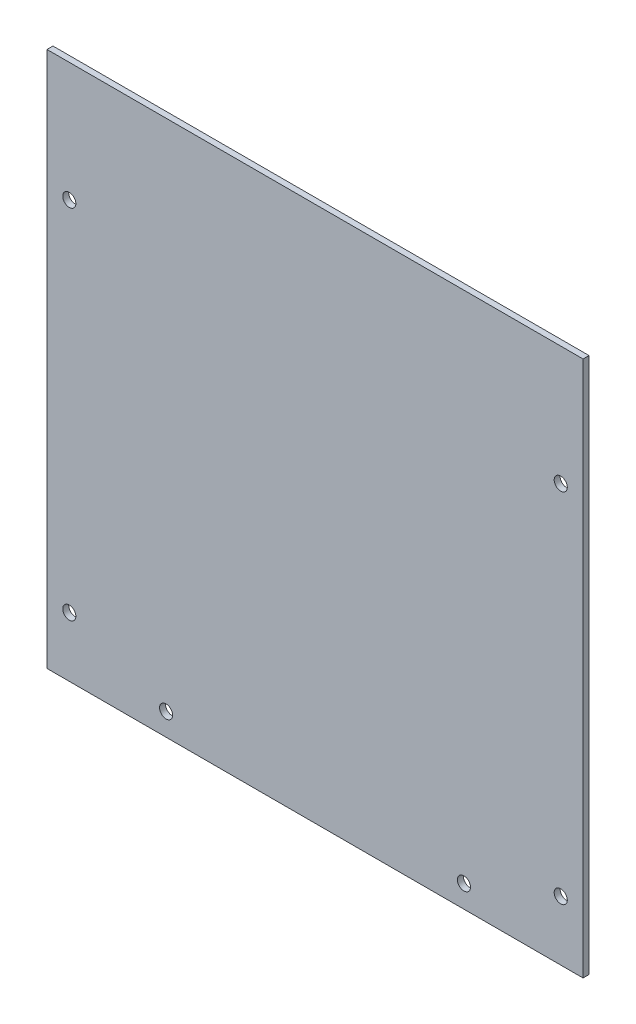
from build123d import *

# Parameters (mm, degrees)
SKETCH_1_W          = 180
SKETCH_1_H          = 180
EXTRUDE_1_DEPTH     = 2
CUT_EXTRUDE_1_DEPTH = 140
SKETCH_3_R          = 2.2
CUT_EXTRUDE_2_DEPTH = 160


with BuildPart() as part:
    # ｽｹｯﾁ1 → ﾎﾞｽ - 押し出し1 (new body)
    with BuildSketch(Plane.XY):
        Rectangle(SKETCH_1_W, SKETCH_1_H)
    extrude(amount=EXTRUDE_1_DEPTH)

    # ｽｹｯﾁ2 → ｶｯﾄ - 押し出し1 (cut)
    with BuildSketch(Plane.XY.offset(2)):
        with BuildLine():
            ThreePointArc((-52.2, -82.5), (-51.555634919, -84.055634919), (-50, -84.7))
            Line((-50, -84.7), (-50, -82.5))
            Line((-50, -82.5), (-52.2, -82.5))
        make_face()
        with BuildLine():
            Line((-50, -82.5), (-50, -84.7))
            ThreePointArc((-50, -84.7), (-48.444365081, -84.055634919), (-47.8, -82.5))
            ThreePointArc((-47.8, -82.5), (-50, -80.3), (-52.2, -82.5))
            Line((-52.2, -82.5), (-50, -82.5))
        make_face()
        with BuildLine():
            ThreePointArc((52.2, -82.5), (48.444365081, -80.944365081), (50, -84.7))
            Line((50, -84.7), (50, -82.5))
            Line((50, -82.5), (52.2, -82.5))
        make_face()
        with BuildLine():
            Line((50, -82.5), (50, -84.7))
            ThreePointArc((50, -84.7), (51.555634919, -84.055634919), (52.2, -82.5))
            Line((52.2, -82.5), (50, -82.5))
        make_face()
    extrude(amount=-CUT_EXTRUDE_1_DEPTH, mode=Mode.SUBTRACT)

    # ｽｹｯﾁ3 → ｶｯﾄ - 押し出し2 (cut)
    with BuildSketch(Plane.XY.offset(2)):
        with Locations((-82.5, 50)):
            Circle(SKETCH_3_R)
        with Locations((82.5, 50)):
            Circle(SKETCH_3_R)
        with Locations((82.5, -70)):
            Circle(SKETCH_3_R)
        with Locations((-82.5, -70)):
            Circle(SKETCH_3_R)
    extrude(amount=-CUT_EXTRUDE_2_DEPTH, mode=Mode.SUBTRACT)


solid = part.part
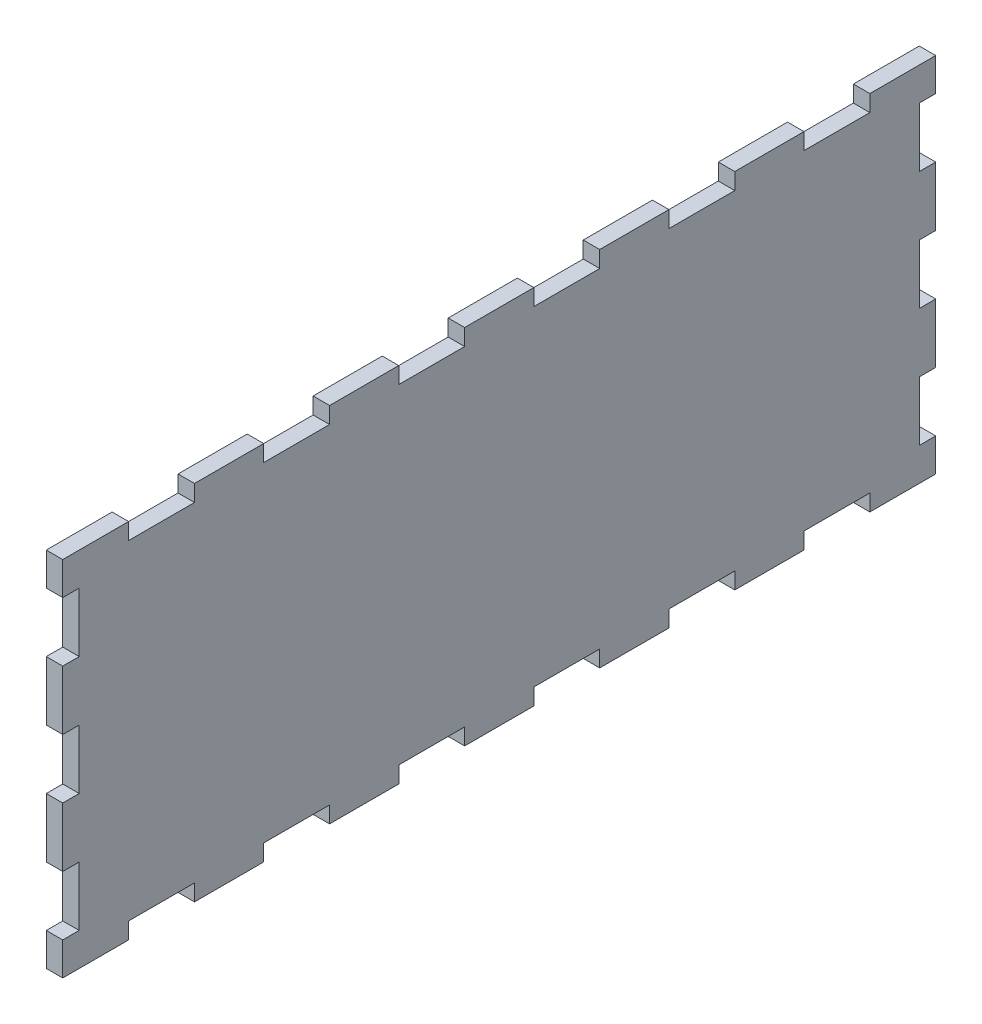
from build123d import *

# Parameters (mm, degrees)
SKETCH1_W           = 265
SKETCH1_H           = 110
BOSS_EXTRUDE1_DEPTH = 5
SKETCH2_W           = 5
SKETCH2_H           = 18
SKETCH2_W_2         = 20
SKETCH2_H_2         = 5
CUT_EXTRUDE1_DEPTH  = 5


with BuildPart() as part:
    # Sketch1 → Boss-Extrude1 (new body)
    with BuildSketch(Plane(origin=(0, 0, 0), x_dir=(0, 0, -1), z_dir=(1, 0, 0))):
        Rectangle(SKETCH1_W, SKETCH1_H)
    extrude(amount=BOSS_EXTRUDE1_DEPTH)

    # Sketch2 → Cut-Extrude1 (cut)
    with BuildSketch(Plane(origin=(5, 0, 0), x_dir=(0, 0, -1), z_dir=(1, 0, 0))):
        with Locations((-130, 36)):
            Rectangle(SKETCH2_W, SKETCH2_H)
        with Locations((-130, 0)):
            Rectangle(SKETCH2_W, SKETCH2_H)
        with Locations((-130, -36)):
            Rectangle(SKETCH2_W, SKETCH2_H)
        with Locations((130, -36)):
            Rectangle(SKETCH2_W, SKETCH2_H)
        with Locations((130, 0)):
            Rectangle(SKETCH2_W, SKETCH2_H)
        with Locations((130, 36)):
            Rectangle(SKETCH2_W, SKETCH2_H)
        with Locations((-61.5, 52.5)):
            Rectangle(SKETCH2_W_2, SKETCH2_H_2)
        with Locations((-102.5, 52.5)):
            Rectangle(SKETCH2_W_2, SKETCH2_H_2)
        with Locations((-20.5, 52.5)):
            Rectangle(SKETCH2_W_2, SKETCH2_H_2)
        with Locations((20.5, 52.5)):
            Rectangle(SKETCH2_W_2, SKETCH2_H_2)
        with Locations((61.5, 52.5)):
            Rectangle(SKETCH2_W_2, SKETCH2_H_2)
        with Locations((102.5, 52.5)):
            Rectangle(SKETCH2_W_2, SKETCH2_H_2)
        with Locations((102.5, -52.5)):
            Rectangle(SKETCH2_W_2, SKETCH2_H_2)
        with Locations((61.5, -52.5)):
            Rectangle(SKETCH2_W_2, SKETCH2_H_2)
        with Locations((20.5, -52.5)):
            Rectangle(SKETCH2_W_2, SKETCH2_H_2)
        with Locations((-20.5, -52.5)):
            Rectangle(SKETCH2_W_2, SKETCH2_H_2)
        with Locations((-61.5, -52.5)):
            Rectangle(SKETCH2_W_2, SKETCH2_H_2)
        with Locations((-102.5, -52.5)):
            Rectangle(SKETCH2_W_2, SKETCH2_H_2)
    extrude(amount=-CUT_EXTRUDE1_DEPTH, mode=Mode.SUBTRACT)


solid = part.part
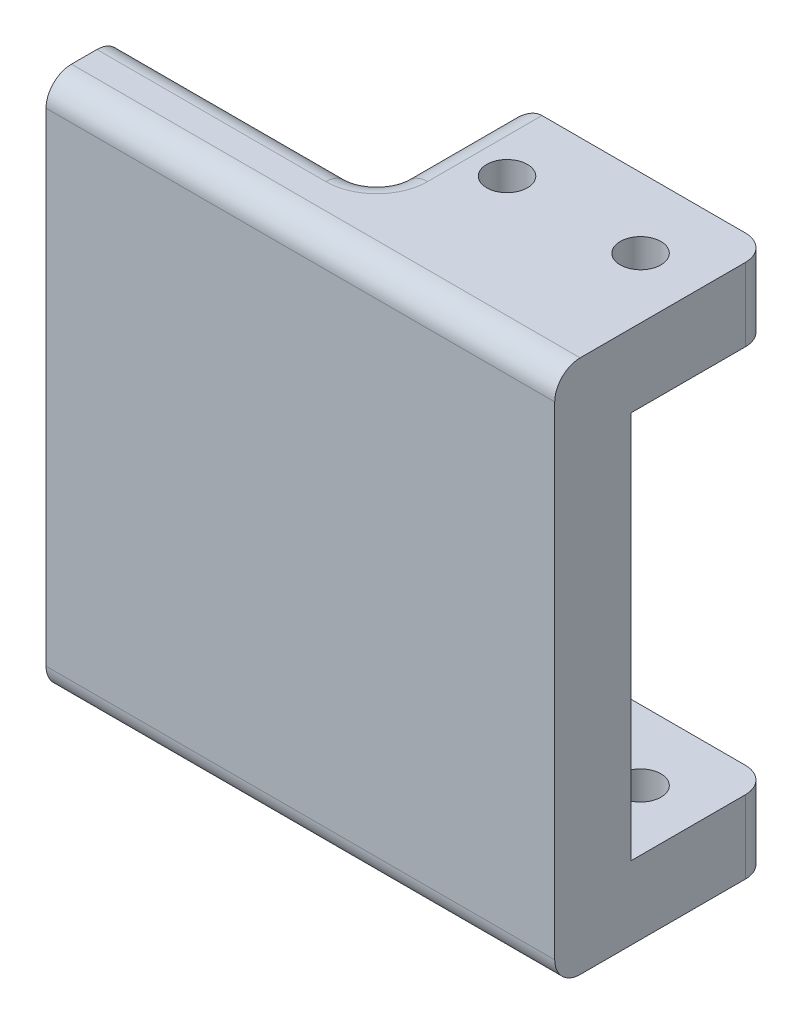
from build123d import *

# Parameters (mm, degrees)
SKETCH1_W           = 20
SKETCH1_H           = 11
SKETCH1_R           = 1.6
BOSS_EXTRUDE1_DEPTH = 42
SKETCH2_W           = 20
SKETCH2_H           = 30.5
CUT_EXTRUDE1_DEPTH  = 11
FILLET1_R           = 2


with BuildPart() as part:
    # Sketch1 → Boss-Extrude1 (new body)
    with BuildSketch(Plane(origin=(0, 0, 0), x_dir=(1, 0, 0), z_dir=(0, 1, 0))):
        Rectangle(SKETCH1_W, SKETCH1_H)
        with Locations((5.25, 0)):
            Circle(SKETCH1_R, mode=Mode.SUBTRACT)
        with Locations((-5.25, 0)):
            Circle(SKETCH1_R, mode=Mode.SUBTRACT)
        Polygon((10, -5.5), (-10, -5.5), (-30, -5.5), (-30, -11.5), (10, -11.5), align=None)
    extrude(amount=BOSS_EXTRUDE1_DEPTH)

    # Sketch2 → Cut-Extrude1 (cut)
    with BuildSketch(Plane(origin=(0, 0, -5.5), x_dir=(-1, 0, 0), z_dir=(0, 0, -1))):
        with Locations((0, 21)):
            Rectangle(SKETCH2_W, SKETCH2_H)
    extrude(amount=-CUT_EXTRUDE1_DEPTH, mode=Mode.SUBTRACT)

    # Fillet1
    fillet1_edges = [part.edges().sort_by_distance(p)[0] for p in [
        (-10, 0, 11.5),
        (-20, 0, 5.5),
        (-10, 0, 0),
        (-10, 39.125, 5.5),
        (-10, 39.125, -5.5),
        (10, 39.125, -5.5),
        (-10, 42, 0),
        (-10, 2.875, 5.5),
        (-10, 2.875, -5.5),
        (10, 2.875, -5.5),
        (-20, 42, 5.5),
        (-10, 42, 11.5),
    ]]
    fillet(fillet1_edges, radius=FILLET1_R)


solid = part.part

-=-=-

When you copy the entries above, reproduce each line exactly and leave out any pictures.

▶ **Result**:
from build123d import *

# Parameters (mm, degrees)
SKETCH_1_W          = 180
SKETCH_1_H          = 180
EXTRUDE_1_DEPTH     = 2
CUT_EXTRUDE_1_DEPTH = 140
SKETCH_3_R          = 2.2
CUT_EXTRUDE_2_DEPTH = 160


with BuildPart() as part:
    # ｽｹｯﾁ1 → ﾎﾞｽ - 押し出し1 (new body)
    with BuildSketch(Plane.XY):
        Rectangle(SKETCH_1_W, SKETCH_1_H)
    extrude(amount=EXTRUDE_1_DEPTH)

    # ｽｹｯﾁ2 → ｶｯﾄ - 押し出し1 (cut)
    with BuildSketch(Plane.XY.offset(2)):
        with BuildLine():
            ThreePointArc((-52.2, -82.5), (-51.555634919, -84.055634919), (-50, -84.7))
            Line((-50, -84.7), (-50, -82.5))
            Line((-50, -82.5), (-52.2, -82.5))
        make_face()
        with BuildLine():
            Line((-50, -82.5), (-50, -84.7))
            ThreePointArc((-50, -84.7), (-48.444365081, -84.055634919), (-47.8, -82.5))
            ThreePointArc((-47.8, -82.5), (-50, -80.3), (-52.2, -82.5))
            Line((-52.2, -82.5), (-50, -82.5))
        make_face()
        with BuildLine():
            ThreePointArc((52.2, -82.5), (48.444365081, -80.944365081), (50, -84.7))
            Line((50, -84.7), (50, -82.5))
            Line((50, -82.5), (52.2, -82.5))
        make_face()
        with BuildLine():
            Line((50, -82.5), (50, -84.7))
            ThreePointArc((50, -84.7), (51.555634919, -84.055634919), (52.2, -82.5))
            Line((52.2, -82.5), (50, -82.5))
        make_face()
    extrude(amount=-CUT_EXTRUDE_1_DEPTH, mode=Mode.SUBTRACT)

    # ｽｹｯﾁ3 → ｶｯﾄ - 押し出し2 (cut)
    with BuildSketch(Plane.XY.offset(2)):
        with Locations((-82.5, 50)):
            Circle(SKETCH_3_R)
        with Locations((82.5, 50)):
            Circle(SKETCH_3_R)
        with Locations((82.5, -70)):
            Circle(SKETCH_3_R)
        with Locations((-82.5, -70)):
            Circle(SKETCH_3_R)
    extrude(amount=-CUT_EXTRUDE_2_DEPTH, mode=Mode.SUBTRACT)


solid = part.part
from build123d import *

# Parameters (mm, degrees)
SKETCH1_W           = 265
SKETCH1_H           = 110
BOSS_EXTRUDE1_DEPTH = 5
SKETCH2_W           = 5
SKETCH2_H           = 18
SKETCH2_W_2         = 20
SKETCH2_H_2         = 5
CUT_EXTRUDE1_DEPTH  = 5


with BuildPart() as part:
    # Sketch1 → Boss-Extrude1 (new body)
    with BuildSketch(Plane(origin=(0, 0, 0), x_dir=(0, 0, -1), z_dir=(1, 0, 0))):
        Rectangle(SKETCH1_W, SKETCH1_H)
    extrude(amount=BOSS_EXTRUDE1_DEPTH)

    # Sketch2 → Cut-Extrude1 (cut)
    with BuildSketch(Plane(origin=(5, 0, 0), x_dir=(0, 0, -1), z_dir=(1, 0, 0))):
        with Locations((-130, 36)):
            Rectangle(SKETCH2_W, SKETCH2_H)
        with Locations((-130, 0)):
            Rectangle(SKETCH2_W, SKETCH2_H)
        with Locations((-130, -36)):
            Rectangle(SKETCH2_W, SKETCH2_H)
        with Locations((130, -36)):
            Rectangle(SKETCH2_W, SKETCH2_H)
        with Locations((130, 0)):
            Rectangle(SKETCH2_W, SKETCH2_H)
        with Locations((130, 36)):
            Rectangle(SKETCH2_W, SKETCH2_H)
        with Locations((-61.5, 52.5)):
            Rectangle(SKETCH2_W_2, SKETCH2_H_2)
        with Locations((-102.5, 52.5)):
            Rectangle(SKETCH2_W_2, SKETCH2_H_2)
        with Locations((-20.5, 52.5)):
            Rectangle(SKETCH2_W_2, SKETCH2_H_2)
        with Locations((20.5, 52.5)):
            Rectangle(SKETCH2_W_2, SKETCH2_H_2)
        with Locations((61.5, 52.5)):
            Rectangle(SKETCH2_W_2, SKETCH2_H_2)
        with Locations((102.5, 52.5)):
            Rectangle(SKETCH2_W_2, SKETCH2_H_2)
        with Locations((102.5, -52.5)):
            Rectangle(SKETCH2_W_2, SKETCH2_H_2)
        with Locations((61.5, -52.5)):
            Rectangle(SKETCH2_W_2, SKETCH2_H_2)
        with Locations((20.5, -52.5)):
            Rectangle(SKETCH2_W_2, SKETCH2_H_2)
        with Locations((-20.5, -52.5)):
            Rectangle(SKETCH2_W_2, SKETCH2_H_2)
        with Locations((-61.5, -52.5)):
            Rectangle(SKETCH2_W_2, SKETCH2_H_2)
        with Locations((-102.5, -52.5)):
            Rectangle(SKETCH2_W_2, SKETCH2_H_2)
    extrude(amount=-CUT_EXTRUDE1_DEPTH, mode=Mode.SUBTRACT)


solid = part.part
from build123d import *

# Parameters (mm, degrees)
SKETCH1_W           = 20
SKETCH1_H           = 11
SKETCH1_R           = 1.6
BOSS_EXTRUDE1_DEPTH = 42
SKETCH2_W           = 20
SKETCH2_H           = 30.5
CUT_EXTRUDE1_DEPTH  = 11
FILLET1_R           = 2


with BuildPart() as part:
    # Sketch1 → Boss-Extrude1 (new body)
    with BuildSketch(Plane(origin=(0, 0, 0), x_dir=(1, 0, 0), z_dir=(0, 1, 0))):
        Rectangle(SKETCH1_W, SKETCH1_H)
        with Locations((5.25, 0)):
            Circle(SKETCH1_R, mode=Mode.SUBTRACT)
        with Locations((-5.25, 0)):
            Circle(SKETCH1_R, mode=Mode.SUBTRACT)
        Polygon((10, -5.5), (-10, -5.5), (-30, -5.5), (-30, -11.5), (10, -11.5), align=None)
    extrude(amount=BOSS_EXTRUDE1_DEPTH)

    # Sketch2 → Cut-Extrude1 (cut)
    with BuildSketch(Plane(origin=(0, 0, -5.5), x_dir=(-1, 0, 0), z_dir=(0, 0, -1))):
        with Locations((0, 21)):
            Rectangle(SKETCH2_W, SKETCH2_H)
    extrude(amount=-CUT_EXTRUDE1_DEPTH, mode=Mode.SUBTRACT)

    # Fillet1
    fillet1_edges = [part.edges().sort_by_distance(p)[0] for p in [
        (-10, 0, 11.5),
        (-20, 0, 5.5),
        (-10, 0, 0),
        (-10, 39.125, 5.5),
        (-10, 39.125, -5.5),
        (10, 39.125, -5.5),
        (-10, 42, 0),
        (-10, 2.875, 5.5),
        (-10, 2.875, -5.5),
        (10, 2.875, -5.5),
        (-20, 42, 5.5),
        (-10, 42, 11.5),
    ]]
    fillet(fillet1_edges, radius=FILLET1_R)


solid = part.part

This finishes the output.